Tuesday, August 9, 2011

Debugging Regexes

Cue: dramatic music. There I was under pressure, enemy fire going off in all directions, and my unit test had started complaining. The test regex was 552 characters long, the text being tested was almost as long, and each run of the unit test takes 30 seconds. Talk about finding a needle in a haystack. James Bond only had to choose between cutting the red or the blue wire. He had it easy.

But I lived to tell the tale. Playing the Bond Girl in this scenario was http://www.regextester.com/ (I actually used version 2 which, though alpha, worked fine).
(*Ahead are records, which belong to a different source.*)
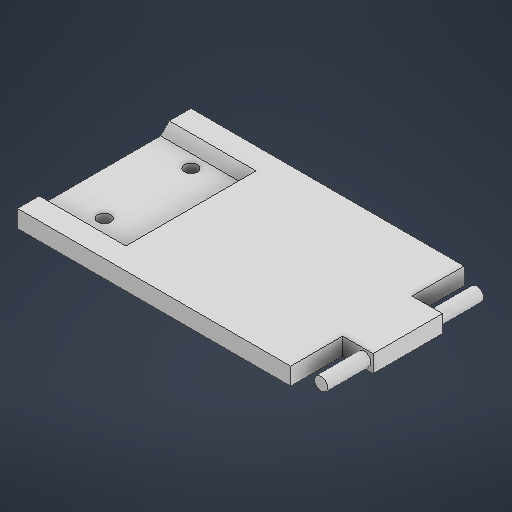
# Autodesk Inventor part: upper
Saved by Autodesk Inventor 2026.1 (Build 301233020, 233B)
## iProperties
Created: 2026-08-26
Part Number: upper
Material: Generic
Document SubType Name: Modeling
Designer: pleased
Density: 1 g/cm^3
Appearance: Default
Author: pleased
Autodesk Inventor part; units mm, degrees
ref_plane "YZ Plane" through (0, 0, 0) normal (1, 0, 0) x (0, 1, 0)
ref_plane "XZ Plane" through (0, 0, 0) normal (0, 1, 0) x (-1, 0, 0)
ref_plane "XY Plane" through (0, 0, 0) normal (0, 0, 1) x (1, 0, 0)
sketch "Sketch1" plane through (0, 0, 0) normal (0, 1, 0) x (-1, 0, 0)
  point P0 (0, 0)
sketch "Sketch2" plane through (0, 0, 0) normal (0, 1, 0) x (-1, 0, 0)
  point P0 (0, 0)
sketch "Sketch3" plane through (0, 0, 0) normal (0, 1, 0) x (-1, 0, 0)
  point P0 (0, 0)
sketch "Sketch4" plane through (0, 0, 0) normal (0, 1, 0) x (-1, 0, 0)
  line L0 (35, 20) -> (-35, 20)
  line L1 (-35, 20) -> (-35, -20)
  line L2 (-35, -20) -> (35, -20)
  line L3 (35, -20) -> (35, 20)
  line L4 (35, 20) -> (-35, -20) construction
  line L5 (-35, 20) -> (35, -20) construction
  point P0 (0, 0)
  dimension "d0" = 70
  dimension "d1" = 40
  constraints: 12 end point, 2 midpoint, 2 parallel, 1 horizontal, 1 perpendicular
  measures "d0" distance of L2.end L1.end
  measures "d1" distance of L1.end L0.end
extrude "Extrusion1" add sketch "Sketch4" along normal blind 2
sketch "Sketch5" plane through (0, 2, 0) normal (0, 1, 0) x (1, 0, 0)
  line L0 (-35, 20) -> (-35, -20) projected
  line L1 (-35, 0) -> (-25, 0)
  line L2 (-25, 0) -> (-25, 10)
  line L3 (-25, 10) -> (-25, -10)
  circle A0 centre (-25, -10) radius 1.5
  circle A1 centre (-25, 10) radius 1.5
  point P0 (0, 0)
  dimension "d4" = 10
  dimension "d5" = 10
  dimension "d6" = 20
  dimension "d7" = 3
  dimension "d8" = 3
  constraints: 6 end point, 2 centre point, 2 coincident, 1 horizontal, 1 midpoint, 1 perpendicular, 1 point on line
  measures "d4" distance of L1.start L1.end
  measures "d5" distance of L1.end L2.end
  measures "d6" distance of L2.end L3.end
  measures "d7" diameter of A0
  measures "d8" diameter of A1
extrude "Extrusion2" cut sketch "Sketch5" against normal blind 3
sketch "Sketch6" plane through (0, 2, 0) normal (0, 1, 0) x (1, 0, 0)
  line L0 (-35, -20) -> (35, -20) projected
  line L1 (35, 20) -> (-35, 20) projected
  line L2 (35, -20) -> (-15, -20)
  line L3 (-15, -20) -> (-15, 20)
  line L4 (-15, 20) -> (35, 20)
  line L5 (35, 20) -> (35, -20)
  line L6 (-35, 20) -> (-35, -20) projected
  line L7 (-15, 20) -> (-35, 20)
  line L8 (-35, 20) -> (-35, 15)
  line L9 (-35, 15) -> (-15, 15)
  line L10 (-15, 15) -> (-15, 20)
  line L11 (-35, -20) -> (-15, -20)
  line L12 (-15, -20) -> (-15, -15)
  line L13 (-15, -15) -> (-35, -15)
  line L14 (-35, -15) -> (-35, -20)
  point P0 (0, 0)
  dimension "d11" = 50
  dimension "d12" = 5
  dimension "d13" = 5
  constraints: 24 end point, 6 parallel, 3 horizontal, 3 perpendicular, 3 point on line
  measures "d11" distance of L3.end L4.end
  measures "d12" distance of L8.end L7.end
  measures "d13" distance of L12.end L11.end
extrude "Extrusion3" add sketch "Sketch6" along normal blind 2 contours L6 L13 L3 L0 | L3 L1 L5 L0 | L6 L1 L3 L9
chamfer "Chamfer1" distance 2 angle 45 3 edges at (-25, 2, 15) (-15, 2, 0) (-25, 2, -15)
sketch "Sketch7" plane through (0, 4, 0) normal (0, 1, 0) x (1, 0, 0)
  line L0 (35, -20) -> (35, 20) projected
  line L1 (35, -20) -> (28, -20)
  line L2 (28, -20) -> (28, -8)
  line L3 (28, -8) -> (35, -8)
  line L4 (35, -8) -> (35, -20)
  line L5 (35, 20) -> (28, 20)
  line L6 (28, 20) -> (28, 8)
  line L7 (28, 8) -> (35, 8)
  line L8 (35, 8) -> (35, 20)
  point P0 (0, 0)
  dimension "d19" = 7
  dimension "d20" = 12
  dimension "d21" = 12
  constraints: 16 end point, 4 parallel, 2 horizontal, 2 perpendicular, 1 point on line
  measures "d19" distance of L2.end L3.end
  measures "d20" distance of L1.end L2.end
  measures "d21" distance of L6.end L5.end
extrude "Extrusion4" cut sketch "Sketch7" against normal blind 4
sketch "Sketch8" plane through (28, 4, 8) normal (0, 0, 1) x (1, 0, 0)
  line L0 (7, -4) -> (7, 0) projected
  line L1 (7, 0) -> (3, -4)
  line L2 (0, -4) -> (7, -4) projected
  line L3 (7, 0) -> (12.6569, 0) construction
  circle A0 centre (5, -2) radius 1.5
  point P0 (-28, -4)
  dimension "d24" = 135
  dimension "d25" = 3
  constraints: 4 end point, 1 centre point, 1 equal length, 1 horizontal, 1 midpoint, 1 point on line
  measures "d24" angle of L1 L3
  measures "d25" diameter of A0
extrude "Extrusion5" add sketch "Sketch8" along normal blind 10 contours A0 L1 | L1 A0
sketch "Sketch9" plane through (35, 4, -8) normal (0, 0, -1) x (-1, 0, 0)
  circle A0 centre (2, -2) radius 1.5 projected
  circle A1 centre (2, -2) radius 1.5
  point P0 (35, -4)
  constraints: 1 centre point, 1 coincident
extrude "Extrusion6" add sketch "Sketch9" along normal blind 10
equation "\"d9\" = d7"
body "Solid1"

It still wasn't smooth sailing. The above site assumes the regex is surrounded by /.../ but mine wasn't. So, first I had my unit test output the regex, then I escaped it correctly for use with /.../ then pasted it into the Regex Tester. I also pasted in the text to test. It should match; it doesn't. So I put the cursor at the end of my regex and deleted a few characters at a time. After deleting about two-thirds (!!) of it, finally the text turned red and I had a match. I could see exactly where the match stopped and realize what was missing in my regex. I fixed the regex (simultaneously in RegexMatcher and in my unit test script) and repeated. I had to delete back to almost the same point. It took half a dozen passes before the whole regex matched.

The code looks to be open source javascript. So maybe I will hack on it, to automate the above process (my better Bond Girl, if you like): I would give the regex, the target text, say I expect a match, and it will find the longest regex that matches and show me how much of the target text got matched. (Ah, it uses ajax requests to back-end PHP for the preg and ereg versions, and that code is not available; but at least I could do this for javascript regexes.)

Enough with poking around inside today's Bond Girl. Down the cocktail, jacket on, back to the field...

1 comment:

Keith said...

The RegExPal project may be of interest.